I only got to try a therapist once but it was kinda peer pressure that made me go in the first place and it was because when I confessed to my mom that I didn't believe she did the one thing I knew she would and next day I got pulled into the pastor's office and they kinda pressured me into going to a religious therapist to 'lead me back to the flock'. But I am going to start seeing someone in a month to help with my social anxiety. Hope to hell that it works out cus otherwise this stupid nervousness, pain, and self-negativity will probably be here to stay.

This, is bad. I didn't even begin to explore religion until high school and even then, that was just scratching the surface. So forcing it down your throat is ridiculous. Am I religious now? Sorta. I believe in a higher power, but DAMN is there just too much that goes into all the religions.
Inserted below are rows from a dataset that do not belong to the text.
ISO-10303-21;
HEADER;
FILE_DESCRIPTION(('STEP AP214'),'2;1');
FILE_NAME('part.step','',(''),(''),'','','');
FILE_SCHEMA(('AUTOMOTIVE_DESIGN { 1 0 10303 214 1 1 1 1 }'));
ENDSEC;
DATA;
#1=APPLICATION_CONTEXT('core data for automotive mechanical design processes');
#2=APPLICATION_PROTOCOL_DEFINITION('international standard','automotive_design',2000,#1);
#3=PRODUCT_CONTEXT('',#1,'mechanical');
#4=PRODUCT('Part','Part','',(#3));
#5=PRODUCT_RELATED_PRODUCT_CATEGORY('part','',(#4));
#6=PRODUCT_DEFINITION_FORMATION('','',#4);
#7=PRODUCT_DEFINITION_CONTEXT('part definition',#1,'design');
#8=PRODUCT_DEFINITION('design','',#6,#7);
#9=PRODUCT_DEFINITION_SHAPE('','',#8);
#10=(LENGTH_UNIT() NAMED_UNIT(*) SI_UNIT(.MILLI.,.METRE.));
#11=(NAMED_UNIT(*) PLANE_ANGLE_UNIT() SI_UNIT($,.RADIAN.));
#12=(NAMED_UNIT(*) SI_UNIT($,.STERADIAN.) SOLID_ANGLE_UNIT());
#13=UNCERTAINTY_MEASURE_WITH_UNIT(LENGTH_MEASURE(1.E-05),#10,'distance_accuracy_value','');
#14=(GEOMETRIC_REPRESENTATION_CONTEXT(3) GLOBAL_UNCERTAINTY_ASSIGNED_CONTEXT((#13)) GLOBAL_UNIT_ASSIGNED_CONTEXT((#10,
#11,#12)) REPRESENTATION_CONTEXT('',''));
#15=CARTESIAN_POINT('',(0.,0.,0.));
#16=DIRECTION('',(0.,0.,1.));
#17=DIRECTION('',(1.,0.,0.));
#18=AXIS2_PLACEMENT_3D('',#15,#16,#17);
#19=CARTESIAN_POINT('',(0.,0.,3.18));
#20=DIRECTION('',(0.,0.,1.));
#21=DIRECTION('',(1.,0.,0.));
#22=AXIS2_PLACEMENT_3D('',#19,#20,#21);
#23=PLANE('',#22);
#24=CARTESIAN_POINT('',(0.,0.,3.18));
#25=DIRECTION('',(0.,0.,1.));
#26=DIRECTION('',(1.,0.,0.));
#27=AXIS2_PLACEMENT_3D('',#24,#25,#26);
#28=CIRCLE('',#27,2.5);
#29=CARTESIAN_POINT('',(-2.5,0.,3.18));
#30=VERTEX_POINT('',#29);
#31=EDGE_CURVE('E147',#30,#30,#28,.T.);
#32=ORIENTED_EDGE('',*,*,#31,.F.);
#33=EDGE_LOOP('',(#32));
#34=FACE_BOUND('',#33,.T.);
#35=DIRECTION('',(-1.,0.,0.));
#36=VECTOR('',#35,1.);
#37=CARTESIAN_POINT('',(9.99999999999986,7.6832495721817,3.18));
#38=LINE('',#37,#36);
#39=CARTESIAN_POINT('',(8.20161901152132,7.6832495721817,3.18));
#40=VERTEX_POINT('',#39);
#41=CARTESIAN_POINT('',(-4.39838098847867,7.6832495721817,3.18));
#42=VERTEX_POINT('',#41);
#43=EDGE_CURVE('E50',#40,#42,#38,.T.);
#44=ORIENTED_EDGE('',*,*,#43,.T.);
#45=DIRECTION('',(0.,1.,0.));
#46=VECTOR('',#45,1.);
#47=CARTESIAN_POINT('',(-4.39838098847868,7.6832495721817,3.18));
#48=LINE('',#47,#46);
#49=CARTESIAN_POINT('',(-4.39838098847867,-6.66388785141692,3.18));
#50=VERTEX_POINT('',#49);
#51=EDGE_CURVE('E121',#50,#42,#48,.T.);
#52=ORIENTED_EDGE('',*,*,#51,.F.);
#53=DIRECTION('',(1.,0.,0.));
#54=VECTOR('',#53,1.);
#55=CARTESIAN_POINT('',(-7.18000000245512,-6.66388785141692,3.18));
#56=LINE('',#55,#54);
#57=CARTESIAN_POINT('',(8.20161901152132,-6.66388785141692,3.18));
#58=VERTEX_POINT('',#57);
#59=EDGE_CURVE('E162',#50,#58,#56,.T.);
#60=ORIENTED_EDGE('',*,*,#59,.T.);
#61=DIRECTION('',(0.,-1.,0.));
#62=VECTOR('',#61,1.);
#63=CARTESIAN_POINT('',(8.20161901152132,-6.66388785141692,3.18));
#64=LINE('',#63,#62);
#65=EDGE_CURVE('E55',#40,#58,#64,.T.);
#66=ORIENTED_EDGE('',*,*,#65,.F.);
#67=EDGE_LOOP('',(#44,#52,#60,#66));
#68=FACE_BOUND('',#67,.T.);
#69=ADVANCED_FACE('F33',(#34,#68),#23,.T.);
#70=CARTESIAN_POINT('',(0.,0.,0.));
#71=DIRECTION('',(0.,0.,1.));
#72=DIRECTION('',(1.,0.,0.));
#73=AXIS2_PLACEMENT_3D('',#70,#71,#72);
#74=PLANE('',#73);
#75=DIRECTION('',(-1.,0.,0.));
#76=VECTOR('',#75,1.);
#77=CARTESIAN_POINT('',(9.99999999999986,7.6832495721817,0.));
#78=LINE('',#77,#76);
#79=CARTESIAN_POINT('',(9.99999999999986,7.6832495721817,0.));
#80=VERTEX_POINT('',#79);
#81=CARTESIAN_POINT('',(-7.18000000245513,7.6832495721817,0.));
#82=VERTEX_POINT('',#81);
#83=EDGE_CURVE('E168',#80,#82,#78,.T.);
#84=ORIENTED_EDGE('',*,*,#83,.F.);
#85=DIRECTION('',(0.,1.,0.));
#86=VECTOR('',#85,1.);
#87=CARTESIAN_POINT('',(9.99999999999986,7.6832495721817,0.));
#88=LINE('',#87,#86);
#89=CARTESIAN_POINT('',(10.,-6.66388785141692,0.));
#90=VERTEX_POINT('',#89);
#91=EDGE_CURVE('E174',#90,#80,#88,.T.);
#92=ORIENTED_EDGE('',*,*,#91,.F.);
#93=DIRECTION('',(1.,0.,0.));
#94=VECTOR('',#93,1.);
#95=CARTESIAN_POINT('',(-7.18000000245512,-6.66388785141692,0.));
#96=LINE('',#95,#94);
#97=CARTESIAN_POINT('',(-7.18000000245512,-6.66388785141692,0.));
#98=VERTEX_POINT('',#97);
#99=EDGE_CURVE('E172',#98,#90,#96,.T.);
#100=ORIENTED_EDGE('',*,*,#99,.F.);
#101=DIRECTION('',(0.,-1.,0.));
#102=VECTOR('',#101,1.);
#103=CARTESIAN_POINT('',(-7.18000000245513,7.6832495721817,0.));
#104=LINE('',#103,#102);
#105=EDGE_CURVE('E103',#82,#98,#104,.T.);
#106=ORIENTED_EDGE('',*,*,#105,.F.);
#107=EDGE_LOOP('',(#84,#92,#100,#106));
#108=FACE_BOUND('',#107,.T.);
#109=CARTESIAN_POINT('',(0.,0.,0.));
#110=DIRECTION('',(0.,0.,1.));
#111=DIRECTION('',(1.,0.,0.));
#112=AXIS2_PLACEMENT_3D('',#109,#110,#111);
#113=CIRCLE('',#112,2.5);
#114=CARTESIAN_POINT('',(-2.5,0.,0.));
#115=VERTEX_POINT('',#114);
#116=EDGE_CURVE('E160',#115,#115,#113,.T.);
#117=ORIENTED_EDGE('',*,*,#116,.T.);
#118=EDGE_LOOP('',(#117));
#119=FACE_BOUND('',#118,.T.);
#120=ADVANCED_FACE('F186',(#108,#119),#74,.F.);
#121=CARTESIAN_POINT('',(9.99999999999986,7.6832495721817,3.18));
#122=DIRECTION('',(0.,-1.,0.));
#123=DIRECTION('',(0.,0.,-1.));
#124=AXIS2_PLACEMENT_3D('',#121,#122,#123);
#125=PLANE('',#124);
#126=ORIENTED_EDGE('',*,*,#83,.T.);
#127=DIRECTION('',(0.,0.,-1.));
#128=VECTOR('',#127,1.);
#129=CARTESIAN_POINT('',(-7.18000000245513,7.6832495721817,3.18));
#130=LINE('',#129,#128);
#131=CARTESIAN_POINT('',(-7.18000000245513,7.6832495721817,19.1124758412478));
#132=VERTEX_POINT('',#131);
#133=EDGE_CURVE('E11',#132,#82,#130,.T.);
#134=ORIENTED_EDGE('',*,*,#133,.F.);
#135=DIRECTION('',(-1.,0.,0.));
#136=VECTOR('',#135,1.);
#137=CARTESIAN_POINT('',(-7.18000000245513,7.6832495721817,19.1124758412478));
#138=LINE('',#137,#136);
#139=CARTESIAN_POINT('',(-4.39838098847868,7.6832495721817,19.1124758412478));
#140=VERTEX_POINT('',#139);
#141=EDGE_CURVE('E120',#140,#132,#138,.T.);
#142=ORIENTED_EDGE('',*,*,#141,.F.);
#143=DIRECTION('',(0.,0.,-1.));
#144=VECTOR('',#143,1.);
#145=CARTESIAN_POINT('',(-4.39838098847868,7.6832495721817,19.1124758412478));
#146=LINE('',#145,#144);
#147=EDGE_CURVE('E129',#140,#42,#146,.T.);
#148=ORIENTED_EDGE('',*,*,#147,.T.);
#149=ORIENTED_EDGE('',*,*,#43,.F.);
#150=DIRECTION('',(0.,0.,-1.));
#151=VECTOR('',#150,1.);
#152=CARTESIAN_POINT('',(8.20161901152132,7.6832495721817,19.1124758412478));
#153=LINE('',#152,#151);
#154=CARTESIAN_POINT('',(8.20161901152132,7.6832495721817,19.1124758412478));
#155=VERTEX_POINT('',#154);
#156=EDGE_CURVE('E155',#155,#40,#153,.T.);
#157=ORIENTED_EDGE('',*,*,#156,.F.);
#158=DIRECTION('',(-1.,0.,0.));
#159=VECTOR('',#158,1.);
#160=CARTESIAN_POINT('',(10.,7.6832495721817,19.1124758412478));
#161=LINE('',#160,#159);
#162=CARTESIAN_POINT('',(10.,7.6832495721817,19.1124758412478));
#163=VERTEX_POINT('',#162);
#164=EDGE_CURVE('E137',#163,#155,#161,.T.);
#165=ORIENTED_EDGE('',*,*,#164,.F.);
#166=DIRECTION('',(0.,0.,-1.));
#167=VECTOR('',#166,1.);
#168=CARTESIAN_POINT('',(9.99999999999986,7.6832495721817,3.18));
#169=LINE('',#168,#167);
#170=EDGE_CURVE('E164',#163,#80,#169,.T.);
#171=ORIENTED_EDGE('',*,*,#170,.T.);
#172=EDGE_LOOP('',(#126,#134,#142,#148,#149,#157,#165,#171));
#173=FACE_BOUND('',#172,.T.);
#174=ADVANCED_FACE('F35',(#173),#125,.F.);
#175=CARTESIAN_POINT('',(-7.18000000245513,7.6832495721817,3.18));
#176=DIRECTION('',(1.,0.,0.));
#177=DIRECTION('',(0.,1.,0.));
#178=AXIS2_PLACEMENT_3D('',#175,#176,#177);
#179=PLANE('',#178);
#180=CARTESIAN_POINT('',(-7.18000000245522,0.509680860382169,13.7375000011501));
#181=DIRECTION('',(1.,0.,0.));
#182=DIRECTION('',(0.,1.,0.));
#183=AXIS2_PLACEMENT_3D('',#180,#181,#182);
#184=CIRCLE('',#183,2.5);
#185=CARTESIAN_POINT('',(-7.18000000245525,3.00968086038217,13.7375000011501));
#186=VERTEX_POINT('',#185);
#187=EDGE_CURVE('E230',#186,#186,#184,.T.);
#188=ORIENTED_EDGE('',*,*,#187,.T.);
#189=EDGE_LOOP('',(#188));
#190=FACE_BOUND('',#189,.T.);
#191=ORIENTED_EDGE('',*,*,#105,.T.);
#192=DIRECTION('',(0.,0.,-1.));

Don't eat this, don't do that, don't do anything on this day. Sorry, that I can't obey this because I'm at the bottom rung of a corporation and can't follow these rules sometimes. Anyway, just be careful when you go see a normal therapist. They may try and push you to a psychiatrist and try and make you take meds. Hate to say it, but the stuff that's used for anxiety is some really ridiculous shit that you can get hooked on. So REALLY be careful. I know, I work in a pharmacy.
 
I just finished playing a round of Left 4 Dead 2 with a buddy and this guy got the daylights scared right out of him. Playing on a map where it's stormy and you can't see and he accidentally shot a monster zombie that insta-kills. The poor guy was wheezing, half-crying, trying to calm himself down. Good times.

What's everyone's favorite game?
He shot a witch. WHY THE FUCK WOULD HE SHOOT A WITCH?!

Also, Crash Bandicoot. No matter how much it frustrates me, I love the game.